ACTION ITEM:
The answer must consist of every line in the records that contains the word "sides".

[Opening TASK INPUT section]

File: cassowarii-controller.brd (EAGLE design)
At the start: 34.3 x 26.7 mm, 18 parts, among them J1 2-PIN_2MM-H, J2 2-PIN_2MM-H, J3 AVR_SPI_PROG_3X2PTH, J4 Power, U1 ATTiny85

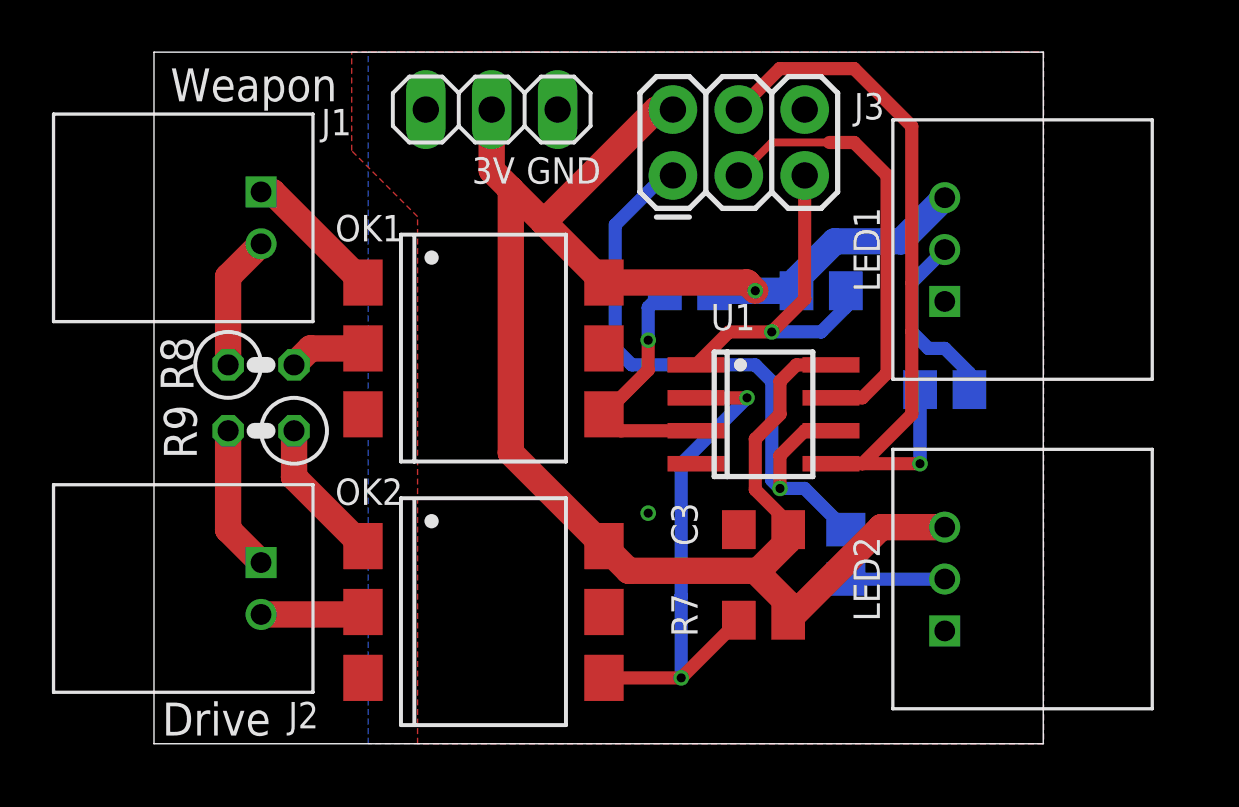
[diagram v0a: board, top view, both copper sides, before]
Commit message: Replace optoisolator
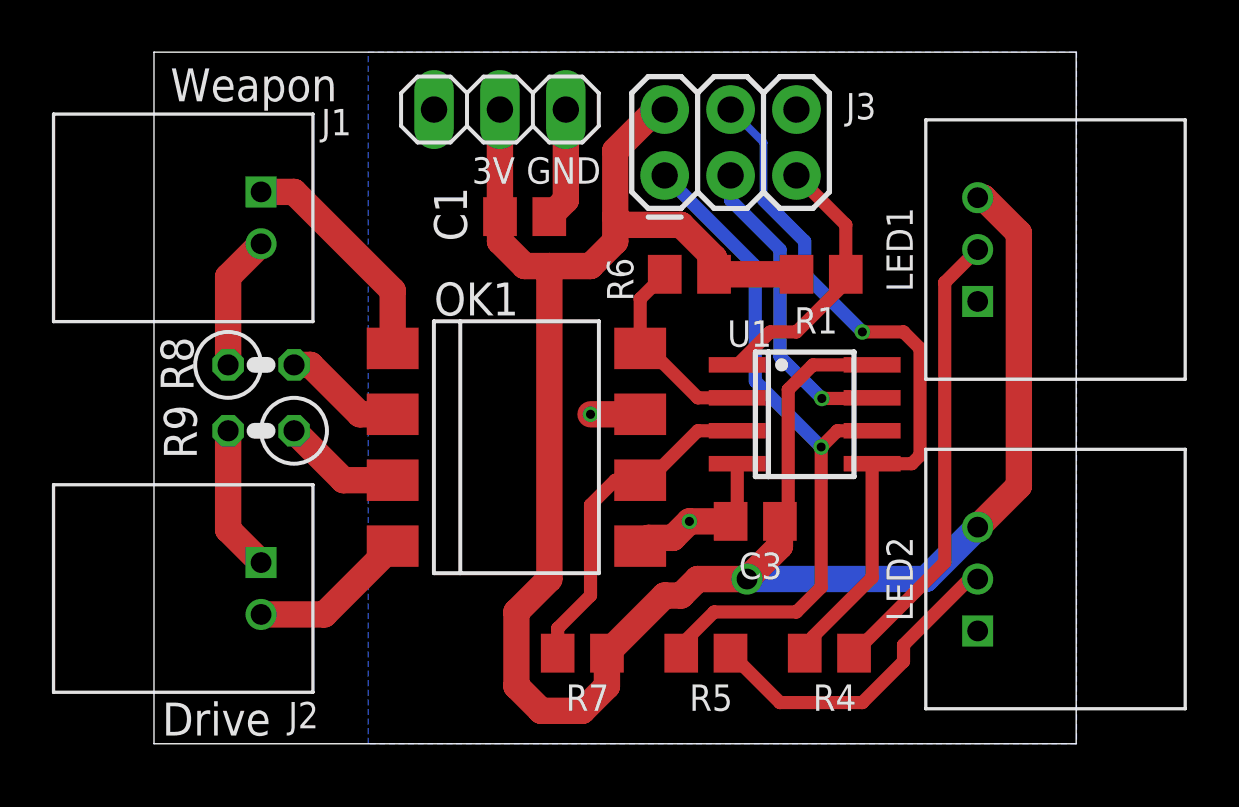
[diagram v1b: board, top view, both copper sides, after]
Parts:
- removed OK2: H11L1MS, optocoupler:DIL6-SMD
- added C1: 22uF, resistor:C0805
- OK1: value H11L1MS -> LTV826S; device optocoupler:DIL6-SMD -> optocoupler:DIL8-SMD
- R6, R7: value 270 -> 10k
- moved R4 11.1 mm to (26.0, 3.49), flipped to the top, turned to 0 degrees
- moved R7 7.10 mm to (16.5, 3.49)
- moved R5 6.61 mm to (21.3, 3.49), flipped to the top, turned to 0 degrees
- moved OK1 4.02 mm to (14.0, 11.4)
- moved U1 1.59 mm to (25.1, 12.7)
- moved LED1 1.27 mm to (31.8, 19.1)
- moved LED2 1.27 mm to (31.8, 6.35)
- moved R1 0.64 mm to (25.7, 18.1), flipped to the top, turned to 180 degrees
- moved R6 0.64 mm to (20.6, 18.1), flipped to the top, turned to 0 degrees
- moved C3 0.45 mm to (23.2, 8.57)
- moved J3 0.32 mm to (19.7, 21.9)
- moved J4 0.32 mm to (13.3, 24.4)
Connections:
- removed net N$10: OK2.1, R9.1
- new net N$5: OK1.3, R9.1
- net GND: now also C1.2, OK1.7; no longer OK2.5
- net N$6: now also OK1.4; no longer OK2.2
- net PB3: now also OK1.8, R6.1; no longer OK2.4, R7.1
- net PB4: now also OK1.6, R7.1; no longer OK1.4, R6.1
- net VCC: now also C1.1; no longer OK1.6, OK2.6
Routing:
- net VCC: track 74.3 -> 89.0 mm
- net GND: track 0.00 -> 12.5 mm, vias 1 -> 2
- net PB3: track 19.9 -> 7.78 mm, vias 2 -> 0
- net N$1: track 7.22 -> 17.5 mm
- net N$2: track 3.81 -> 12.7 mm
- net N$10: track 5.55 -> 0.00 mm
- net PB2: track 16.9 -> 12.0 mm, vias 0 -> 1
- net N$5: track 0.00 -> 4.59 mm
- net PB4: track 9.55 -> 13.1 mm, vias 1 -> 0
- net N$7: track 5.37 -> 8.88 mm
- net RESET: track 13.9 -> 10.4 mm, vias 1 -> 0
- net N$6: track 3.97 -> 6.16 mm
- net LED1: track 25.4 -> 27.2 mm
- net N$8: track 2.92 -> 4.59 mm
- net LED2: track 28.3 -> 27.6 mm
- removed copper zone on layer 1, net GND
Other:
- board size 34.3 x 26.7 mm -> 35.5 x 26.7 mm

[Closing TASK INPUT section]

WRITTEN ANSWER:
[diagram v0a: board, top view, both copper sides, before]
[diagram v1b: board, top view, both copper sides, after]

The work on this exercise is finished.